**What is expected:** In the entries below, find the line with "ISA Atmosphere Model/1 ->" and the line with "To Virtual Bus/1 -> Rate Transition/1". Print those two and everything between them exactly, and nothing else.

┌──

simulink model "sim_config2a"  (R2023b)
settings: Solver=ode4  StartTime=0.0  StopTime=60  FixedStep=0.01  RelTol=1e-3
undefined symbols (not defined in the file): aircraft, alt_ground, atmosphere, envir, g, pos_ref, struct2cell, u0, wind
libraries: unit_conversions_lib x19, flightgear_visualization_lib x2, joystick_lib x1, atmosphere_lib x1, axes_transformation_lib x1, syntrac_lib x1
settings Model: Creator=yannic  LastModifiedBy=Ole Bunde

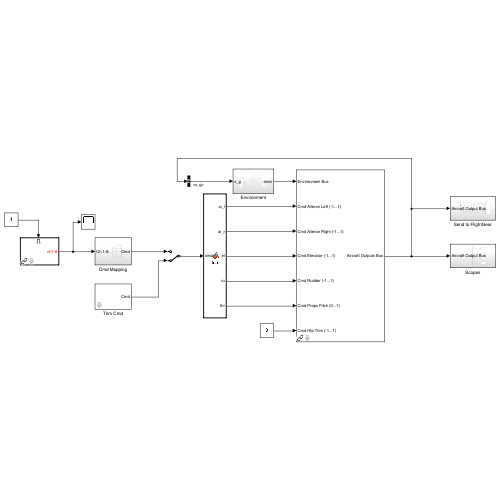
[thumbnail: Simulink's stored preview of the top-level diagram]
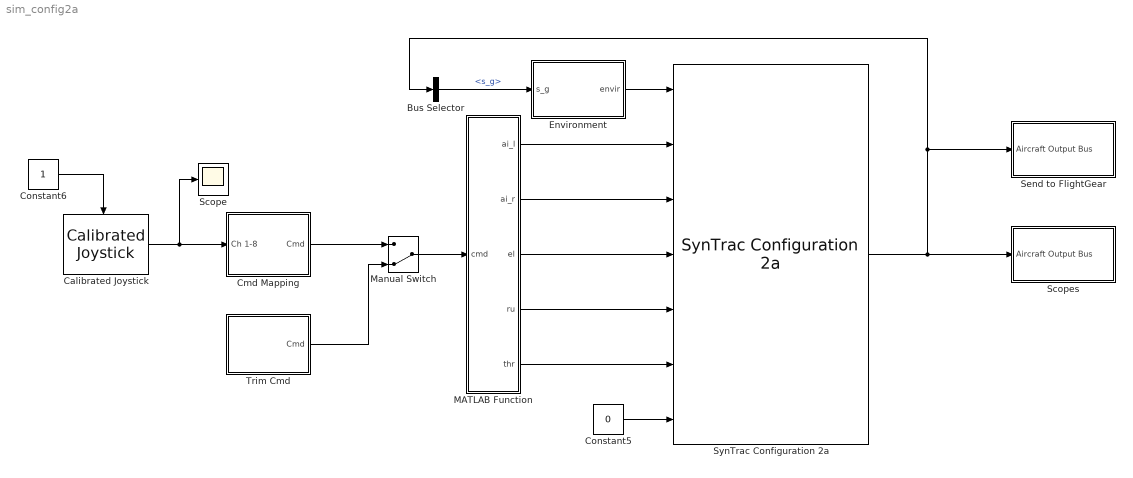
== system sim_config2a ==
  Bus Selector : BusSelector  OutputSignals=rigidBodyBus.s_g
  Calibrated Joystick : joystick_lib/Calibrated Joystick  jystck=jystck  joyid=1
      settings: SourceProductName=LADAC
  Cmd Mapping : Subsystem
  Constant5 : Constant  Value=0
  Constant6 : Constant
  Environment : Subsystem
  MATLAB Function : MATLAB Function  TreatAsAtomicUnit=on
  Manual Switch : ManualSwitch  CurrentSetting=0
  Scope : Scope
  Scopes : Subsystem
  Send to FlightGear : Subsystem
  SynTrac Configuration 2a : syntrac_lib/SynTrac Configuration 2a  aircraft=aircraft  ic=ic
  Trim Cmd : Subsystem  mask{num_props=length(aircraft.prop)}
      mask prompts: num_props "Number of Propellers"
  wires:
  Environment/1(envir) -> SynTrac Configuration 2a/1
  SynTrac Configuration 2a/1 -> Send to FlightGear/1(Aircraft Output Bus), Bus Selector/1, Scopes/1(Aircraft Output Bus)
  Bus Selector/1 -> Environment/1(s_g)  "<s_g>"
  Constant5/1 -> SynTrac Configuration 2a/7
  Constant6/1 -> Calibrated Joystick/Enable
  Calibrated Joystick/1 -> Cmd Mapping/1(Ch 1-8), Scope/1
  Cmd Mapping/1(Cmd) -> Manual Switch/1
  Manual Switch/1 -> MATLAB Function/1(cmd)
  MATLAB Function/5(thr) -> SynTrac Configuration 2a/6
  MATLAB Function/4(ru) -> SynTrac Configuration 2a/5
  MATLAB Function/2(ai_r) -> SynTrac Configuration 2a/3
  MATLAB Function/1(ai_l) -> SynTrac Configuration 2a/2
  Trim Cmd/1(Cmd) -> Manual Switch/2
  MATLAB Function/3(el) -> SynTrac Configuration 2a/4

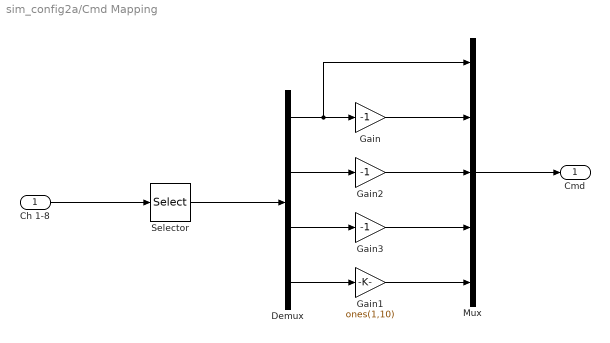
== system sim_config2a/Cmd Mapping ==
  Ch 1-8 : Inport
  Demux : Demux
  Gain : Gain  Gain=-1
  Gain1 : Gain  Gain=ones(1,10)
  Gain2 : Gain  Gain=-1
  Gain3 : Gain  Gain=-1
  Mux : Mux  Inputs=5
  Selector : Selector  InputPortWidth=8  IndexOptions=Index vector (dialog)  Indices=[1,2,3,4]  OutputSizes=1
  Cmd : Outport
  wires:
  Gain1/1 -> Mux/5
  Demux/4 -> Gain1/1
  Gain/1 -> Mux/2
  Gain2/1 -> Mux/3
  Demux/3 -> Gain3/1
  Demux/2 -> Gain2/1
  Demux/1 -> Mux/1, Gain/1
  Ch 1-8/1 -> Selector/1
  Gain3/1 -> Mux/4
  Mux/1 -> Cmd/1
  Selector/1 -> Demux/1

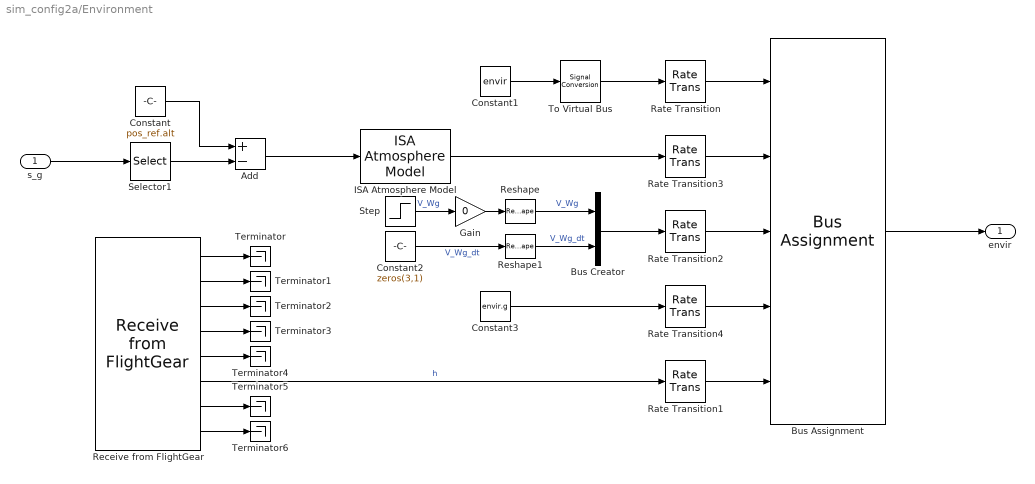
== system sim_config2a/Environment ==
  s_g : Inport
  Add : Sum  Inputs=+-
  Bus Assignment : BusAssignment  AssignedSignals=atmosphere,wind,g,alt_ground
  Bus Creator : BusCreator  Inputs=2
  Constant : Constant  Value=pos_ref.alt
  Constant1 : Constant  Value=envir  OutDataTypeStr=Bus: envirBus
  Constant2 : Constant  Value=zeros(3,1)
  Constant3 : Constant  Value=envir.g
  Gain : Gain  Gain=0
  ISA Atmosphere Model : atmosphere_lib/ISA Atmosphere Model
      settings: SourceProductName=LADAC
  Rate Transition{,1..4} (5 alike) : RateTransition
  Receive from FlightGear : flightgear_visualization_lib/Receive from FlightGear  ip_address='127.0.0.1'  ip_port=5503  sample_time=1/20  blocking_time=0  is_aerocntrl=off  is_engine=off  is_fuel=off  is_land=off  is_avionics=off  is_envir=on
  Reshape : Reshape  OutputDimensionality=Column vector (2-D)
  Reshape1 : Reshape  OutputDimensionality=Column vector (2-D)
  Selector1 : Selector  InputPortWidth=3  IndexOptions=Index vector (dialog)  Indices=3  OutputSizes=1
  Step : Step  Time=3  After=[0;9;0]  SampleTime=0
  Terminator{,1..6} (7 alike) : Terminator
  To Virtual Bus : SignalConversion  ConversionOutput=Virtual bus  OverrideOpt=off
  envir : Outport  VectorParamsAs1DForOutWhenUnconnected=off
  wires:
  Rate Transition2/1 -> Bus Assignment/3
  Rate Transition3/1 -> Bus Assignment/2
  Bus Assignment/1 -> envir/1
  Rate Transition/1 -> Bus Assignment/1
  ISA Atmosphere Model/1 -> Rate Transition3/1
  Step/1 -> Gain/1  "V_Wg"
  Rate Transition1/1 -> Bus Assignment/5
  Constant1/1 -> To Virtual Bus/1
  s_g/1 -> Selector1/1
  Bus Creator/1 -> Rate Transition2/1
  Constant2/1 -> Reshape1/1  "V_Wg_dt"
  Rate Transition4/1 -> Bus Assignment/4
  Constant3/1 -> Rate Transition4/1
  Gain/1 -> Reshape/1
  Constant/1 -> Add/1
  Add/1 -> ISA Atmosphere Model/1
  Selector1/1 -> Add/2
  To Virtual Bus/1 -> Rate Transition/1
  Reshape/1 -> Bus Creator/1  "V_Wg"
  Reshape1/1 -> Bus Creator/2  "V_Wg_dt"
  Receive from FlightGear/3 -> Terminator2/1
  Receive from FlightGear/1 -> Terminator/1
  Receive from FlightGear/6 -> Rate Transition1/1  "h"
  Receive from FlightGear/2 -> Terminator1/1
  Receive from FlightGear/5 -> Terminator4/1
  Receive from FlightGear/7 -> Terminator5/1
  Receive from FlightGear/4 -> Terminator3/1
  Receive from FlightGear/8 -> Terminator6/1

== system sim_config2a/Scopes ==
  Aircraft Output Bus : Inport
  Actuators : Subsystem
  Aerodynamics : Subsystem
  Bus Selector : BusSelector  OutputSignals=rigidBodyBus,aeroBus,actuatorsBus,propBus
  Propellers : Subsystem
  Rigid Body : Subsystem
  wires:
  Aircraft Output Bus/1 -> Bus Selector/1
  Bus Selector/1 -> Rigid Body/1(rigidBodyBus)  "<rigidBodyBus>"
  Bus Selector/3 -> Actuators/1(actuatorsBus)  "<actuatorsBus>"
  Bus Selector/2 -> Aerodynamics/1(aeroBus)  "<aeroBus>"
  Bus Selector/4 -> Propellers/1(propBus)  "<propBus>"

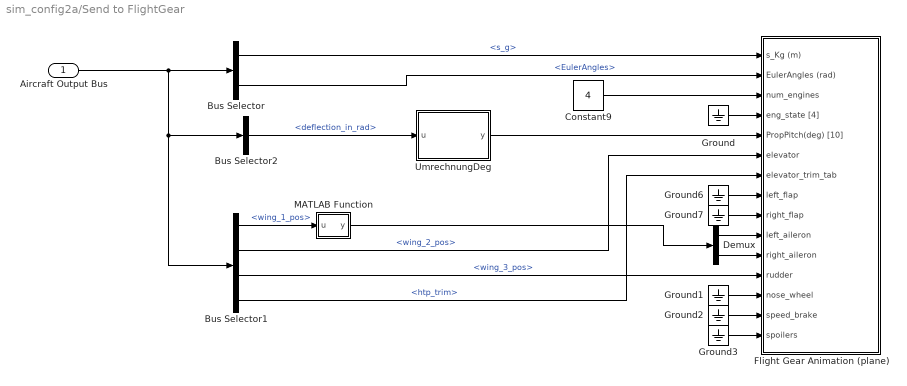
== system sim_config2a/Send to FlightGear ==
  Aircraft Output Bus : Inport
  Bus Selector : BusSelector  OutputSignals=rigidBodyBus.s_g,rigidBodyBus.EulerAngles
  Bus Selector1 : BusSelector  OutputSignals=actuatorsBus.wing_1_pos,actuatorsBus.wing_2_pos,actuatorsBus.wing_3_pos,actuatorsBus.htp_trim
  Bus Selector2 : BusSelector  OutputSignals=actuatorsBus.props_pitch.deflection_in_rad
  Constant9 : Constant  Value=4
  Demux : Demux  Outputs=2
  Flight Gear Animation (plane) : Subsystem  AncestorBlock=flightgear_visualization_lib/Flight Gear Animation (plane)  mask{inital_lat=pos_ref.lat, inital_long=pos_ref.lon, inital_height=pos_ref.alt, remoteURL='127.0.0.1', remotePort=5502}
      mask prompts: inital_lat "Inital Latitude (deg)"; inital_long "Inital Longitude (deg)"; inital_height "Inital Height (m)"; remoteURL "URL of FlightGear, e.g. '127.0.0.1'"; remotePort "Port of FlightGear, e.g. 5502"
      mask TypeOptions remoteURL: Send to FlightGear/remoteURL
      mask TypeOptions remotePort: Send to FlightGear/remotePort
      mask DialogControl GroupDesc Prompt: Initial Latitude
  Ground{,1..3,6..7} (6 alike) : Ground
  MATLAB Function : MATLAB Function  TreatAsAtomicUnit=on
  UmrechnungDeg : MATLAB Function  TreatAsAtomicUnit=on
  wires:
  Bus Selector/1 -> Flight Gear Animation (plane)/1(s_Kg (m))  "<s_g>"
  Bus Selector/2 -> Flight Gear Animation (plane)/2(EulerAngles (rad))  "<EulerAngles>"
  Constant9/1 -> Flight Gear Animation (plane)/3(num_engines)
  Ground/1 -> Flight Gear Animation (plane)/4(eng_state [4])
  Ground1/1 -> Flight Gear Animation (plane)/13(nose_wheel)
  Ground2/1 -> Flight Gear Animation (plane)/14(speed_brake)
  Ground3/1 -> Flight Gear Animation (plane)/15(spoilers)
  Aircraft Output Bus/1 -> Bus Selector1/1, Bus Selector2/1, Bus Selector/1
  Bus Selector1/2 -> Flight Gear Animation (plane)/6(elevator)  "<wing_2_pos>"
  Bus Selector1/4 -> Flight Gear Animation (plane)/7(elevator_trim_tab)  "<htp_trim>"
  Ground6/1 -> Flight Gear Animation (plane)/8(left_flap)
  Ground7/1 -> Flight Gear Animation (plane)/9(right_flap)
  Bus Selector1/3 -> Flight Gear Animation (plane)/12(rudder)  "<wing_3_pos>"
  Bus Selector1/1 -> MATLAB Function/1(u)  "<wing_1_pos>"
  Demux/1 -> Flight Gear Animation (plane)/10(left_aileron)
  Demux/2 -> Flight Gear Animation (plane)/11(right_aileron)
  MATLAB Function/1(y) -> Demux/1
  Bus Selector2/1 -> UmrechnungDeg/1(u)  "<deflection_in_rad>"
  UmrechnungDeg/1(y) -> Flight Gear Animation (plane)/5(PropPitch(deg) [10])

└──

**Result:**
  ISA Atmosphere Model/1 -> Rate Transition3/1
  Step/1 -> Gain/1  "V_Wg"
  Rate Transition1/1 -> Bus Assignment/5
  Constant1/1 -> To Virtual Bus/1
  s_g/1 -> Selector1/1
  Bus Creator/1 -> Rate Transition2/1
  Constant2/1 -> Reshape1/1  "V_Wg_dt"
  Rate Transition4/1 -> Bus Assignment/4
  Constant3/1 -> Rate Transition4/1
  Gain/1 -> Reshape/1
  Constant/1 -> Add/1
  Add/1 -> ISA Atmosphere Model/1
  Selector1/1 -> Add/2
  To Virtual Bus/1 -> Rate Transition/1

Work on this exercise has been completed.